* [Task directions]:
Please repeat only these lines, exactly: the one containing "extrude(amount=-F5_DEPTH, mode=Mode.SUBTRACT)" and all that come after it in the material.

* [Data for this exercise]:
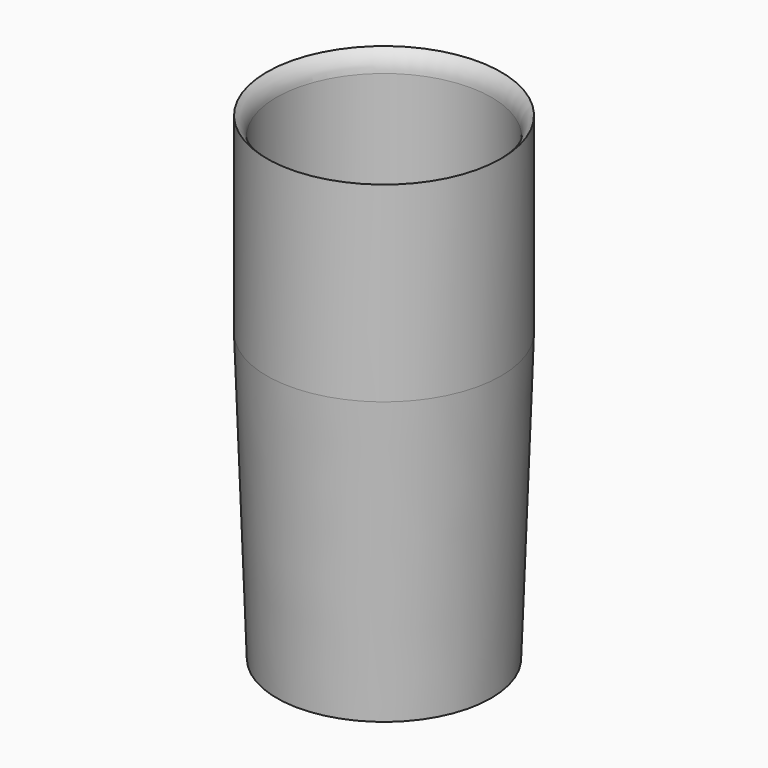
from build123d import *

# Parameters (mm, degrees)
F0_R          = 24.5
F1_DEPTH      = 70
F1_DEPTH_BACK = 30
F2_R          = 22.5
F3_DEPTH      = 81.3
F4_R          = 12
F5_DEPTH      = 41.2
F6_R          = 5
F7_SIZE2      = 2.0952461695
F7_SIZE       = 60


# Not quite as in the source:
# - a fillet or chamfer that OpenCascade refuses, or shapes differently, is made with other operations: its cross-section is extruded or revolved along the edge and cut away or added


with BuildPart() as f1:
    # F0 (on Top) → F1 (new body, two sides)
    with BuildSketch(Plane.XY) as f1_sk:
        Circle(F0_R)
    extrude(amount=F1_DEPTH)
    extrude(f1_sk.sketch, amount=-F1_DEPTH_BACK)

    # F2 (on Top) → F3 (cut)
    with BuildSketch(Plane.XY):
        Circle(F2_R)
    extrude(amount=F3_DEPTH, mode=Mode.SUBTRACT)

    # F4 (on Top) → F5 (cut)
    with BuildSketch(Plane.XY):
        Circle(F4_R)
    extrude(amount=-F5_DEPTH, mode=Mode.SUBTRACT)

    # F6
    f6_edges = [f1.edges().sort_by_distance(p)[0] for p in [
        (-12, 0, -30),
    ]]
    fillet(f6_edges, radius=F6_R)

    # F7
    f7_edges = [f1.edges().sort_by_distance(p)[0] for p in [
        (-24.5, 0, -30),
    ]]
    f7_side = f1.faces().sort_by_distance((-24.5, 0, -15))[0]
    chamfer(f7_edges, length=F7_SIZE, length2=F7_SIZE2, reference=f7_side)

    # F8: fillet of radius 5 on 1 edges, made by hand

    # F8_s1 → F8_t2 (revolve, cut)
    with BuildSketch(Plane.XZ):
        with BuildLine():
            ThreePointArc((24.5, 70), (23.027864045, 68.2360679775), (22.5, 66))
            Line((22.5, 66), (22.5, 70))
            Line((22.5, 70), (24.5, 70))
        make_face()
    revolve(axis=Axis((0, 0, 70), (0, 0, -1)), mode=Mode.SUBTRACT)


solid = f1.part

* [The answer]:
    extrude(amount=-F5_DEPTH, mode=Mode.SUBTRACT)

    # F6
    f6_edges = [f1.edges().sort_by_distance(p)[0] for p in [
        (-12, 0, -30),
    ]]
    fillet(f6_edges, radius=F6_R)

    # F7
    f7_edges = [f1.edges().sort_by_distance(p)[0] for p in [
        (-24.5, 0, -30),
    ]]
    f7_side = f1.faces().sort_by_distance((-24.5, 0, -15))[0]
    chamfer(f7_edges, length=F7_SIZE, length2=F7_SIZE2, reference=f7_side)

    # F8: fillet of radius 5 on 1 edges, made by hand

    # F8_s1 → F8_t2 (revolve, cut)
    with BuildSketch(Plane.XZ):
        with BuildLine():
            ThreePointArc((24.5, 70), (23.027864045, 68.2360679775), (22.5, 66))
            Line((22.5, 66), (22.5, 70))
            Line((22.5, 70), (24.5, 70))
        make_face()
    revolve(axis=Axis((0, 0, 70), (0, 0, -1)), mode=Mode.SUBTRACT)


solid = f1.part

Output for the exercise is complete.